[Data entries]
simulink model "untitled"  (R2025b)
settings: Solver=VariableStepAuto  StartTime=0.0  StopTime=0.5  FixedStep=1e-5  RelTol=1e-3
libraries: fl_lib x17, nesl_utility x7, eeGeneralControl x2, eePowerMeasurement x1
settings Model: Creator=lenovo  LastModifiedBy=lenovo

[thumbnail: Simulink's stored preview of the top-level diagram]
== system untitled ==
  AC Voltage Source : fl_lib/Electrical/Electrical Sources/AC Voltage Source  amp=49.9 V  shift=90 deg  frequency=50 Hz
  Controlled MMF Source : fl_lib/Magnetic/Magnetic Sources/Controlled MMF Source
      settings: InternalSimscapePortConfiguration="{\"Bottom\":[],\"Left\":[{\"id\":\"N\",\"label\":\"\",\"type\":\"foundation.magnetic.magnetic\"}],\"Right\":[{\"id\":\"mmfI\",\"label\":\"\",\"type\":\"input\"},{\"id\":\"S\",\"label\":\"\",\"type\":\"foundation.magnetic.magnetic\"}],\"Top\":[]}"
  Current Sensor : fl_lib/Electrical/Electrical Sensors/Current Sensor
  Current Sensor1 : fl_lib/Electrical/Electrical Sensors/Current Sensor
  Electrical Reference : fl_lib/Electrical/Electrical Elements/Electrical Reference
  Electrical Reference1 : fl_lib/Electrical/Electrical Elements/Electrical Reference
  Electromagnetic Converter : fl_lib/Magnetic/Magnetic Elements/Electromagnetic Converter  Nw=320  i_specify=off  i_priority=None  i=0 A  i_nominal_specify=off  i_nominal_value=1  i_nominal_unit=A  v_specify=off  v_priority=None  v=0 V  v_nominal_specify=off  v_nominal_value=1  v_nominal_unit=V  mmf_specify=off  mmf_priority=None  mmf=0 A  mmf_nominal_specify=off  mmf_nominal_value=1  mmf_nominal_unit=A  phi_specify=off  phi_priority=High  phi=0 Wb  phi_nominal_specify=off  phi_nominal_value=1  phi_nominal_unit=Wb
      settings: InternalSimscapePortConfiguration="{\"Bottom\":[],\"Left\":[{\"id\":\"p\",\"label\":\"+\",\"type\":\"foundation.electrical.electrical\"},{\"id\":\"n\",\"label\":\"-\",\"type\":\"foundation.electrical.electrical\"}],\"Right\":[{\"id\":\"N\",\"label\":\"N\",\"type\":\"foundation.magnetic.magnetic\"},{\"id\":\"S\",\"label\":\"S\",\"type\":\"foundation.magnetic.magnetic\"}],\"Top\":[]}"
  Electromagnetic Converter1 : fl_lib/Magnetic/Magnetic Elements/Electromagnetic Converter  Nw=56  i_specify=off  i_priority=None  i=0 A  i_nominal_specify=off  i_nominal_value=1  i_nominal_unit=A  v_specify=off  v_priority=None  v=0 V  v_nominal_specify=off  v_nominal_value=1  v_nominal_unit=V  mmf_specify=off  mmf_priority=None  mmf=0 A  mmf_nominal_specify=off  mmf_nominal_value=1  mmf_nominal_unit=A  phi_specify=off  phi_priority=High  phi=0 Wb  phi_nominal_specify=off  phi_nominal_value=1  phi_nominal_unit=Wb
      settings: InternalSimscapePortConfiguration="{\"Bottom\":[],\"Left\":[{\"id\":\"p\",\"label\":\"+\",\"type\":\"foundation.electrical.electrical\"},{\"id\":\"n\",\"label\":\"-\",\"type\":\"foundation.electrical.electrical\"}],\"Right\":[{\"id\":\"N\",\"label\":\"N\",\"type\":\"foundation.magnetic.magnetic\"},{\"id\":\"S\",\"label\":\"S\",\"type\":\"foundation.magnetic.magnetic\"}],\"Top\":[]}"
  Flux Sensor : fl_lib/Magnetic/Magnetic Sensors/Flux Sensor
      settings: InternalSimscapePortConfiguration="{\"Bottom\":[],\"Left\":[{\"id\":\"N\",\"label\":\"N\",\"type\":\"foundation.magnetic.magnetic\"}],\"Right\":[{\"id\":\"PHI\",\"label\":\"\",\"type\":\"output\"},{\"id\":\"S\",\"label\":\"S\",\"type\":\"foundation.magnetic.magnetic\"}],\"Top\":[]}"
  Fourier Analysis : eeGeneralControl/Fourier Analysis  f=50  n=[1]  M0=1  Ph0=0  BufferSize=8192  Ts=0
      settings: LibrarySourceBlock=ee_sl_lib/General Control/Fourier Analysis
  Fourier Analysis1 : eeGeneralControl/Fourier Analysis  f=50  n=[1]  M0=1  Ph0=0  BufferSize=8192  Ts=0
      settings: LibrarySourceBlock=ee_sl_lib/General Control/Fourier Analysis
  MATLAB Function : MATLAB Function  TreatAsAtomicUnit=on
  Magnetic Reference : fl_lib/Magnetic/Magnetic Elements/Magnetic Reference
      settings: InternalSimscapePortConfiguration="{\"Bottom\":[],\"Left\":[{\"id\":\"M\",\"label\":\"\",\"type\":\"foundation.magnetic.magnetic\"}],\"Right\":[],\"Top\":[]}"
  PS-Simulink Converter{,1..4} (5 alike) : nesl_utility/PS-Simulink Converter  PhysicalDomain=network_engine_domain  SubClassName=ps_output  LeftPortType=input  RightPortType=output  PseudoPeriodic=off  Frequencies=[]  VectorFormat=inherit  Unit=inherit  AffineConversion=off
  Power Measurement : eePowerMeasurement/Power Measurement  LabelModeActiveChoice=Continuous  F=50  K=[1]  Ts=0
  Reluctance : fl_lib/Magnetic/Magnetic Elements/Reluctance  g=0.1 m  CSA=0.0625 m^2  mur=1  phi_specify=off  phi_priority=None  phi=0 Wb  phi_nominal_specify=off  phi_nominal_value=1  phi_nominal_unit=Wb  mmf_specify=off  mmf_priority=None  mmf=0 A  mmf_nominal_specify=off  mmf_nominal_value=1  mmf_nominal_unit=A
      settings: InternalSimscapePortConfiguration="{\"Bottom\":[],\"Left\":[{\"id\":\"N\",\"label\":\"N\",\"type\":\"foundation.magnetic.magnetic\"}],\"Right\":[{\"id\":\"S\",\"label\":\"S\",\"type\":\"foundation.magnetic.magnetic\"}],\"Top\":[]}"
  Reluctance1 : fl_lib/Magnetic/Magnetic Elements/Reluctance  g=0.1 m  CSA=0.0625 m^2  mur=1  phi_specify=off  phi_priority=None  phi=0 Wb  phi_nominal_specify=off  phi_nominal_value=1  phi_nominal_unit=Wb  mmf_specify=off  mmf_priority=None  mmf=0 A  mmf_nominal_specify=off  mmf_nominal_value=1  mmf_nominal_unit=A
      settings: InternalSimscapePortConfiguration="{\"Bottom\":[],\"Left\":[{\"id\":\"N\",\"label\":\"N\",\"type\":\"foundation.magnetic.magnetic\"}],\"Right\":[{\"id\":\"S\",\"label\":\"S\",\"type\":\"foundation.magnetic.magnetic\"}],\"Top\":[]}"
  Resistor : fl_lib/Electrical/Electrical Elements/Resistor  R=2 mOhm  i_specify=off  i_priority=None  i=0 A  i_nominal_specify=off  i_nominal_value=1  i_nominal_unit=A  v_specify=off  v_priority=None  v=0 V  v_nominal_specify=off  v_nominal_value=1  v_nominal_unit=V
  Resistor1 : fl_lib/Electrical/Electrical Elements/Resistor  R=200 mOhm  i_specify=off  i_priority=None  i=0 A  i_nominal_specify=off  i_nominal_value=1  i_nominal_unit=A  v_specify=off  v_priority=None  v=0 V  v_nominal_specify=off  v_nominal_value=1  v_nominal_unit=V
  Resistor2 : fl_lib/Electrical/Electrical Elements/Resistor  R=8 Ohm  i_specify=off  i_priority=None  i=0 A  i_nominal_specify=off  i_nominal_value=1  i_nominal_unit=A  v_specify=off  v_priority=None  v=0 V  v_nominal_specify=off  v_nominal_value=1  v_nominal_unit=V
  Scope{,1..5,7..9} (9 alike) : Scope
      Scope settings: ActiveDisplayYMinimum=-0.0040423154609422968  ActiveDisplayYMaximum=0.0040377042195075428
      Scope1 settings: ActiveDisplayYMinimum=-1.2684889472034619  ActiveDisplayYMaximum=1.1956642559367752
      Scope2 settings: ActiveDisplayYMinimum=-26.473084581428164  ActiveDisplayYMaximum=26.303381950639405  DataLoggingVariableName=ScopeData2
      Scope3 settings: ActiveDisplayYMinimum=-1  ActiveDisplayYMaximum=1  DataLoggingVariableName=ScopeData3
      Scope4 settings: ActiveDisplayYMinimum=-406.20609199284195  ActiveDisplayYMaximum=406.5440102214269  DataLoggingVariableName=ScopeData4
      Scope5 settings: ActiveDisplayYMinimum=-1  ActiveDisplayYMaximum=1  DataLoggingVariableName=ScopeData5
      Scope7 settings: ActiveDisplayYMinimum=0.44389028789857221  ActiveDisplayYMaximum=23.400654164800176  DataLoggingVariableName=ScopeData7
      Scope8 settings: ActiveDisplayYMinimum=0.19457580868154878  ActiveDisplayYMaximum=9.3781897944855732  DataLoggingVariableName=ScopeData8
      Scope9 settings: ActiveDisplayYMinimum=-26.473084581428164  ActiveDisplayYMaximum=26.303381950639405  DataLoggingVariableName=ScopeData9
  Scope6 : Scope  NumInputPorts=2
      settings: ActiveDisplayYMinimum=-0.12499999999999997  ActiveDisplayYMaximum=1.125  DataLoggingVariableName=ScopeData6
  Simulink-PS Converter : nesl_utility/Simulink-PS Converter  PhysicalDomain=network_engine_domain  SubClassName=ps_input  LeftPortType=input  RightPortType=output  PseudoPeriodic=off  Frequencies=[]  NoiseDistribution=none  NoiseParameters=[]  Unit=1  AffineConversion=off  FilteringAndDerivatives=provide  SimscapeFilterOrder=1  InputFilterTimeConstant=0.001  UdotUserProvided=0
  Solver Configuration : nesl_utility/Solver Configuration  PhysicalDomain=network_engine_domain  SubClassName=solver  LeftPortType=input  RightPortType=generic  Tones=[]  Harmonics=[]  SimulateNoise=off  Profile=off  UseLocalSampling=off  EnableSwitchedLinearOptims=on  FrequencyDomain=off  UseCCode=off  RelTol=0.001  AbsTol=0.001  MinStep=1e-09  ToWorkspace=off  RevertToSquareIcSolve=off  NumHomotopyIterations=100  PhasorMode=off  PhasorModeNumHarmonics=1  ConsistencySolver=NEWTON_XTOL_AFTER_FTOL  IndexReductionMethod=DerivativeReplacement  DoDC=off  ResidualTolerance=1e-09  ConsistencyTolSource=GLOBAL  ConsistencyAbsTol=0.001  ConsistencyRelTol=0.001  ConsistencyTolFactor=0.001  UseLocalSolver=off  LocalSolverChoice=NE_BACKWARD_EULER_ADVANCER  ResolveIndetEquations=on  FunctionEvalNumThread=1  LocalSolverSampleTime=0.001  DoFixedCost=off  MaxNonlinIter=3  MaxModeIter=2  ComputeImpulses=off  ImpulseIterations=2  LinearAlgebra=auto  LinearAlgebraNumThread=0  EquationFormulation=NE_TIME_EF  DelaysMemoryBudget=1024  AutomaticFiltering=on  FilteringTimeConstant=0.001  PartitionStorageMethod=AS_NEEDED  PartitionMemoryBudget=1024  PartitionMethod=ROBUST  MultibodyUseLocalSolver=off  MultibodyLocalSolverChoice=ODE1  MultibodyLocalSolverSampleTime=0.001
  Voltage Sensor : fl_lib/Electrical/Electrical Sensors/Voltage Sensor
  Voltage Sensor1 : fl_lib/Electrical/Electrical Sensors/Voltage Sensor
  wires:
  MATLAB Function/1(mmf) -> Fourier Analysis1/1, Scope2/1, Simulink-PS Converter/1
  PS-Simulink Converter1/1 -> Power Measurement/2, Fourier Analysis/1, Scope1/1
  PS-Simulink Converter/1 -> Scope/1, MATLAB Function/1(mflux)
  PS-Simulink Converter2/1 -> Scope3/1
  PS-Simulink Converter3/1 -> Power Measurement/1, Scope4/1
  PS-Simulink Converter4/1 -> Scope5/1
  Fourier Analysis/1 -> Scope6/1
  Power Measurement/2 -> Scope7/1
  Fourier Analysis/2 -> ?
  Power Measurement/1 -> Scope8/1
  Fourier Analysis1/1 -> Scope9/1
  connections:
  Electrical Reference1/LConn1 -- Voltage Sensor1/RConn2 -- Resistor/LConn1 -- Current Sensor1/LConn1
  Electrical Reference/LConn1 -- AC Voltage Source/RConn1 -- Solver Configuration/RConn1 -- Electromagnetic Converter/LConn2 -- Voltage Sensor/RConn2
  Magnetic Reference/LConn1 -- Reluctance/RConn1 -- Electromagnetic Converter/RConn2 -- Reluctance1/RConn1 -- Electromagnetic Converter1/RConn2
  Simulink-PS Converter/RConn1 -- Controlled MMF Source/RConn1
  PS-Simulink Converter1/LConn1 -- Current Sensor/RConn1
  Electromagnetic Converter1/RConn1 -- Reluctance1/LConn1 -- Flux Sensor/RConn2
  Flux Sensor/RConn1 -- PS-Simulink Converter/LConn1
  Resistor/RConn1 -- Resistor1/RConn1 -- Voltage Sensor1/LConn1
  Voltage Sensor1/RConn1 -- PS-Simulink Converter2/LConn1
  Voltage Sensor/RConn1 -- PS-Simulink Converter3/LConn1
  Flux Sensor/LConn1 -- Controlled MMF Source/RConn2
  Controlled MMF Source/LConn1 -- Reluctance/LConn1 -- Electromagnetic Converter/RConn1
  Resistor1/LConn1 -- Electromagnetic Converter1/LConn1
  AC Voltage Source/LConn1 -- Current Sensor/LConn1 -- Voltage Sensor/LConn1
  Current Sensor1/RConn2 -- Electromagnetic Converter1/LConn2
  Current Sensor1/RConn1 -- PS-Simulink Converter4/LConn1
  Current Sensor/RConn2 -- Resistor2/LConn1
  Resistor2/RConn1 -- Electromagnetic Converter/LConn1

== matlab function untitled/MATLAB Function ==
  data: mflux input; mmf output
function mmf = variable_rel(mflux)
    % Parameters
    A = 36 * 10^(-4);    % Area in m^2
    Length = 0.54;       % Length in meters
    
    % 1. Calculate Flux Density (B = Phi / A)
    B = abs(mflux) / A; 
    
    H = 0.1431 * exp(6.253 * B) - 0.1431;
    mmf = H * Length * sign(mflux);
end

*YOUR TASK:* Look above for the line holding "PS-Simulink Converter3/1 ->" and the line holding "(B = Phi / A)", then output exactly those two lines and every line between them, nothing more.

*EXERCISE OUTPUT:*
  PS-Simulink Converter3/1 -> Power Measurement/1, Scope4/1
  PS-Simulink Converter4/1 -> Scope5/1
  Fourier Analysis/1 -> Scope6/1
  Power Measurement/2 -> Scope7/1
  Fourier Analysis/2 -> ?
  Power Measurement/1 -> Scope8/1
  Fourier Analysis1/1 -> Scope9/1
  connections:
  Electrical Reference1/LConn1 -- Voltage Sensor1/RConn2 -- Resistor/LConn1 -- Current Sensor1/LConn1
  Electrical Reference/LConn1 -- AC Voltage Source/RConn1 -- Solver Configuration/RConn1 -- Electromagnetic Converter/LConn2 -- Voltage Sensor/RConn2
  Magnetic Reference/LConn1 -- Reluctance/RConn1 -- Electromagnetic Converter/RConn2 -- Reluctance1/RConn1 -- Electromagnetic Converter1/RConn2
  Simulink-PS Converter/RConn1 -- Controlled MMF Source/RConn1
  PS-Simulink Converter1/LConn1 -- Current Sensor/RConn1
  Electromagnetic Converter1/RConn1 -- Reluctance1/LConn1 -- Flux Sensor/RConn2
  Flux Sensor/RConn1 -- PS-Simulink Converter/LConn1
  Resistor/RConn1 -- Resistor1/RConn1 -- Voltage Sensor1/LConn1
  Voltage Sensor1/RConn1 -- PS-Simulink Converter2/LConn1
  Voltage Sensor/RConn1 -- PS-Simulink Converter3/LConn1
  Flux Sensor/LConn1 -- Controlled MMF Source/RConn2
  Controlled MMF Source/LConn1 -- Reluctance/LConn1 -- Electromagnetic Converter/RConn1
  Resistor1/LConn1 -- Electromagnetic Converter1/LConn1
  AC Voltage Source/LConn1 -- Current Sensor/LConn1 -- Voltage Sensor/LConn1
  Current Sensor1/RConn2 -- Electromagnetic Converter1/LConn2
  Current Sensor1/RConn1 -- PS-Simulink Converter4/LConn1
  Current Sensor/RConn2 -- Resistor2/LConn1
  Resistor2/RConn1 -- Electromagnetic Converter/LConn1

== matlab function untitled/MATLAB Function ==
  data: mflux input; mmf output
function mmf = variable_rel(mflux)
    % Parameters
    A = 36 * 10^(-4);    % Area in m^2
    Length = 0.54;       % Length in meters
    
    % 1. Calculate Flux Density (B = Phi / A)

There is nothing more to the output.